Maybe things will pick up next issue.

BITS OF LEGIONNAIRE BUSINESS:

When Brin sees the supposedly-dead Scanlon at the memorial service, he asks "Not from Winath by any chance?" Winath, of course, is the homeworld of the Ranzz family, a planet where most people are twins.

In his narration, Wildfire at one point says, "I whine the loudest, so I win." This points out a change in Drake's personality that's been clear for a while: Used to be that Wildfire won by shouting and shooting off energy; now he wins by whining. I'm not sure which one I prefer.
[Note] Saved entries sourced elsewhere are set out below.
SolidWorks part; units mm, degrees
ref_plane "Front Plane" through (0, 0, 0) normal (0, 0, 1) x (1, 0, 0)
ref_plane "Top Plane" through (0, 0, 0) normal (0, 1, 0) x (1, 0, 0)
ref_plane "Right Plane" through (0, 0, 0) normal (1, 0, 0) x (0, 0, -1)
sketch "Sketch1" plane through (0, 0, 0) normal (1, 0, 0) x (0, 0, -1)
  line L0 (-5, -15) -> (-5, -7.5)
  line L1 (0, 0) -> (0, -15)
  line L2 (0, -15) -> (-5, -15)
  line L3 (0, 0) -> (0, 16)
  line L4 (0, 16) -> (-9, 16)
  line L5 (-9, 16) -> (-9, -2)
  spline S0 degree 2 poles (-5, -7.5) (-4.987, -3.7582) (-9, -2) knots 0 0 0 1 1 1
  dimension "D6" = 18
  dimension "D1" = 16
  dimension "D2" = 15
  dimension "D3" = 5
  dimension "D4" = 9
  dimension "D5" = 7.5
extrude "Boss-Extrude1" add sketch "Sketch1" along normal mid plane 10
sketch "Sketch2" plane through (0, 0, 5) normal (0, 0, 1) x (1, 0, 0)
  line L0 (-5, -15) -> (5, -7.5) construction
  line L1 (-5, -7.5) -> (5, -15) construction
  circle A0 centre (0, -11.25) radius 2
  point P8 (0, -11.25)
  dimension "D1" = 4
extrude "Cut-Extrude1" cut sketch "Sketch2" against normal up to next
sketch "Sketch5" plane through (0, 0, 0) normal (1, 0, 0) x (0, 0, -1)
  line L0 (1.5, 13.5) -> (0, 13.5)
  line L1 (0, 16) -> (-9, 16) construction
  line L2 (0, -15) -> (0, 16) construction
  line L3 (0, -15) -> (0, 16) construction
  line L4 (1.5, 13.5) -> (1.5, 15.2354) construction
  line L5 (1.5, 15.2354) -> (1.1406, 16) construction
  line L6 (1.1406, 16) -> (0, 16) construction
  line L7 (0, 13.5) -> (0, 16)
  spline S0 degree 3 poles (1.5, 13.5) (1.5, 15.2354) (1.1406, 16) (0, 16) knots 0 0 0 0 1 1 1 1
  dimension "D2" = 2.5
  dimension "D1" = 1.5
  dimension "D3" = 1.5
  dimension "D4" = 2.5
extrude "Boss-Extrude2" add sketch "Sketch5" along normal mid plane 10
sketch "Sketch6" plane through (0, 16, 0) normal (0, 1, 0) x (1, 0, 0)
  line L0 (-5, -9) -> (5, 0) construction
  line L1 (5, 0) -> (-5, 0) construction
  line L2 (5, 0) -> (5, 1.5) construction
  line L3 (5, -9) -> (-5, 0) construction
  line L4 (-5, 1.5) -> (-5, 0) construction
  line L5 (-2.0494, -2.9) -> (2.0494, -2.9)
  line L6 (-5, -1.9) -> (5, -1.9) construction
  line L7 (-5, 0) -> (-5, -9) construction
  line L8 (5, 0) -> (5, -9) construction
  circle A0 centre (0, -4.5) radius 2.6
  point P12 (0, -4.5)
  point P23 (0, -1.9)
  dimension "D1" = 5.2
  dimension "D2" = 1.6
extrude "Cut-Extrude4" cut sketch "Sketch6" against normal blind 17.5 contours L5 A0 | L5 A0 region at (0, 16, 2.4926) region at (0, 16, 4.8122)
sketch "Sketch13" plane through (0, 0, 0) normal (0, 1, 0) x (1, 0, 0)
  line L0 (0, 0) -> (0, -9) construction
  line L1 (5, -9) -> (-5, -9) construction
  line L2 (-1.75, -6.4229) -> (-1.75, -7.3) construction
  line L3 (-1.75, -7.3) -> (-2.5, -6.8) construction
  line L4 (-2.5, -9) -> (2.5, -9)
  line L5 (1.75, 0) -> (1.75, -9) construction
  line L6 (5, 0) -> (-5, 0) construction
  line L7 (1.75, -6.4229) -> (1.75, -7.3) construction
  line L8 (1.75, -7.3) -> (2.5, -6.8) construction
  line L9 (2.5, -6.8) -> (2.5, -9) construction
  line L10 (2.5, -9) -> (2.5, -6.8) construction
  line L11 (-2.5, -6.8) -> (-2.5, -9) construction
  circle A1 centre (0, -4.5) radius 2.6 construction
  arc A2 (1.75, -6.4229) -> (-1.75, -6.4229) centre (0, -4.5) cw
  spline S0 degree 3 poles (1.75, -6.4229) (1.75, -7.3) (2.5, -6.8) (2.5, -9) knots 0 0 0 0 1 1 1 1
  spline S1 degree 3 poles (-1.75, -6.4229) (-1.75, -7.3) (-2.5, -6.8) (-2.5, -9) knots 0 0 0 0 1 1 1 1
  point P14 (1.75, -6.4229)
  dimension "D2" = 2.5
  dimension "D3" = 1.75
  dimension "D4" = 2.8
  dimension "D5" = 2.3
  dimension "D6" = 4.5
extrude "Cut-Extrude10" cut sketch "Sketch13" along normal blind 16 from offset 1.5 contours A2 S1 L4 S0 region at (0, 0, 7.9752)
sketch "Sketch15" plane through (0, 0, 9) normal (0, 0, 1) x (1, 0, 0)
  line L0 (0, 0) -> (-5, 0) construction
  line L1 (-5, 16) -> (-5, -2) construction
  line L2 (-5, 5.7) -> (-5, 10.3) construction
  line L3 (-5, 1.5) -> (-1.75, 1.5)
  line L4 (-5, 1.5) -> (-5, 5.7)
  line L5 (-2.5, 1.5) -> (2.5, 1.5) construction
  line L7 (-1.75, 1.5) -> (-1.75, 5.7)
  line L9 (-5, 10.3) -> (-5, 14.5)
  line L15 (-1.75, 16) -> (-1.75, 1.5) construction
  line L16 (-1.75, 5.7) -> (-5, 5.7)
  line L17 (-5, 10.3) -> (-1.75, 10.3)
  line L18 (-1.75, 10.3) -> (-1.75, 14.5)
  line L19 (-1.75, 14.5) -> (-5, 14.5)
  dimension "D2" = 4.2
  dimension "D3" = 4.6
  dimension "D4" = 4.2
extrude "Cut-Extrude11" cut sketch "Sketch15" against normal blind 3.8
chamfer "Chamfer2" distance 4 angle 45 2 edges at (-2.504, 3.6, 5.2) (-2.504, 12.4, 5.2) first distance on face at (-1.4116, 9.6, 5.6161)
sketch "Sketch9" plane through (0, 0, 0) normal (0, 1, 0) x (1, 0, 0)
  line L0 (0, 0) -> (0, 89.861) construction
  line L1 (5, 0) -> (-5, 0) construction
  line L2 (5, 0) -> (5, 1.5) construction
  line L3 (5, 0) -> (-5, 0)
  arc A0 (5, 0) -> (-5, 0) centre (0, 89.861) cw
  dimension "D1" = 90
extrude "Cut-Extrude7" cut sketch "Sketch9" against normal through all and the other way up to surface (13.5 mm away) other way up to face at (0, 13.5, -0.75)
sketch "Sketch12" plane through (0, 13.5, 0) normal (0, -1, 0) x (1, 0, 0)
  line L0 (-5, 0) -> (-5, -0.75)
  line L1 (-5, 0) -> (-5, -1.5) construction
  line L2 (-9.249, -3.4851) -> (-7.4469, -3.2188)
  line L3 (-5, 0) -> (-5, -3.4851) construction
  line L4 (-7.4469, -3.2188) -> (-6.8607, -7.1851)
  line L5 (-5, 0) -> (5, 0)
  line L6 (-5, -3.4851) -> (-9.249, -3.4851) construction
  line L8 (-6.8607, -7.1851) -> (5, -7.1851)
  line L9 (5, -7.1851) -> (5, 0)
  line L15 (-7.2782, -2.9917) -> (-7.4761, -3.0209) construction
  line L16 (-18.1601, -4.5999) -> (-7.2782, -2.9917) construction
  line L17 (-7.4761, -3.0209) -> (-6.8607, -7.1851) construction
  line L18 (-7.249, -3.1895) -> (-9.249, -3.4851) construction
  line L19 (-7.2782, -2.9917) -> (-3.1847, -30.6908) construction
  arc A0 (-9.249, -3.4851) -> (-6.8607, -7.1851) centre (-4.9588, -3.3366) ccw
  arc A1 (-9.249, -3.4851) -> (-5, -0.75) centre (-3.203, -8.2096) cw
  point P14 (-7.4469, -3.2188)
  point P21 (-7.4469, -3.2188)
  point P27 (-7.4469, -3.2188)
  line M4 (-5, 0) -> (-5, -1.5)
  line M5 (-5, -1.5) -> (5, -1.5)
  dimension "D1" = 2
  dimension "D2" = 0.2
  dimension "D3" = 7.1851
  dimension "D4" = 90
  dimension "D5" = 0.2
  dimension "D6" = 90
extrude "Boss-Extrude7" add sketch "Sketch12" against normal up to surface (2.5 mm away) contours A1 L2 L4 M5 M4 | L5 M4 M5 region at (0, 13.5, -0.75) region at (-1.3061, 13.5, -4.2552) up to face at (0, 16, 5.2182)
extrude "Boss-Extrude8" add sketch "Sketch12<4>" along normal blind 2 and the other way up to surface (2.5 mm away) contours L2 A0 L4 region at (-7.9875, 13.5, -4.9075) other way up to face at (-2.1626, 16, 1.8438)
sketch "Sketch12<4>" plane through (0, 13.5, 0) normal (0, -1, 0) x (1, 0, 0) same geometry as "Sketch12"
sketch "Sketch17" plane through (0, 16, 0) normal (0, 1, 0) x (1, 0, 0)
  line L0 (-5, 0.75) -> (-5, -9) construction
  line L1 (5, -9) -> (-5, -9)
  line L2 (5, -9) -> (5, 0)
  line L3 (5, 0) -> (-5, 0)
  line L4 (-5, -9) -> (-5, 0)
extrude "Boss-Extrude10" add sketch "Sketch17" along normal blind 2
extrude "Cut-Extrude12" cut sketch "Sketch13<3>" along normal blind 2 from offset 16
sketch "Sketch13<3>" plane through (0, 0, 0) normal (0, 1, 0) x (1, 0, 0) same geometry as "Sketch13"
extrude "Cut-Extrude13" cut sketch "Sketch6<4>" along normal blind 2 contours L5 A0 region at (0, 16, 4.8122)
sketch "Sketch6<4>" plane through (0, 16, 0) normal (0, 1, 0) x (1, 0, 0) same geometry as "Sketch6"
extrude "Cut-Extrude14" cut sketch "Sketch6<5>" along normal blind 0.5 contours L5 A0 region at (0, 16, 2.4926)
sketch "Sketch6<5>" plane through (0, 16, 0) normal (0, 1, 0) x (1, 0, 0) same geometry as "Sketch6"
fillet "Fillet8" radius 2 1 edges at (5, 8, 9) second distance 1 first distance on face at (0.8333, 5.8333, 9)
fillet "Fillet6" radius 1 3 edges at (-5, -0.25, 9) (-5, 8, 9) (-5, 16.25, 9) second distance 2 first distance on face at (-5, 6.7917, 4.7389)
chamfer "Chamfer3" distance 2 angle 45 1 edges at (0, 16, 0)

The virus that Alastor released was designed by the Psions. I believe this is the first time we've heard of the Psions in Legion times. In one way, it makes sense...the Psions are genetic and biological engineers, constantly creating things like this virus. It's another link between the current DC Universe and the Lgion's time. But on the other hand, it's odd that we haven't run into the Psions before. In the Legion's time, you'd expect the Dominators to be behind something like this. And since the storyline in LSH has to do with the Dominators, it would be a nice link to the parent book.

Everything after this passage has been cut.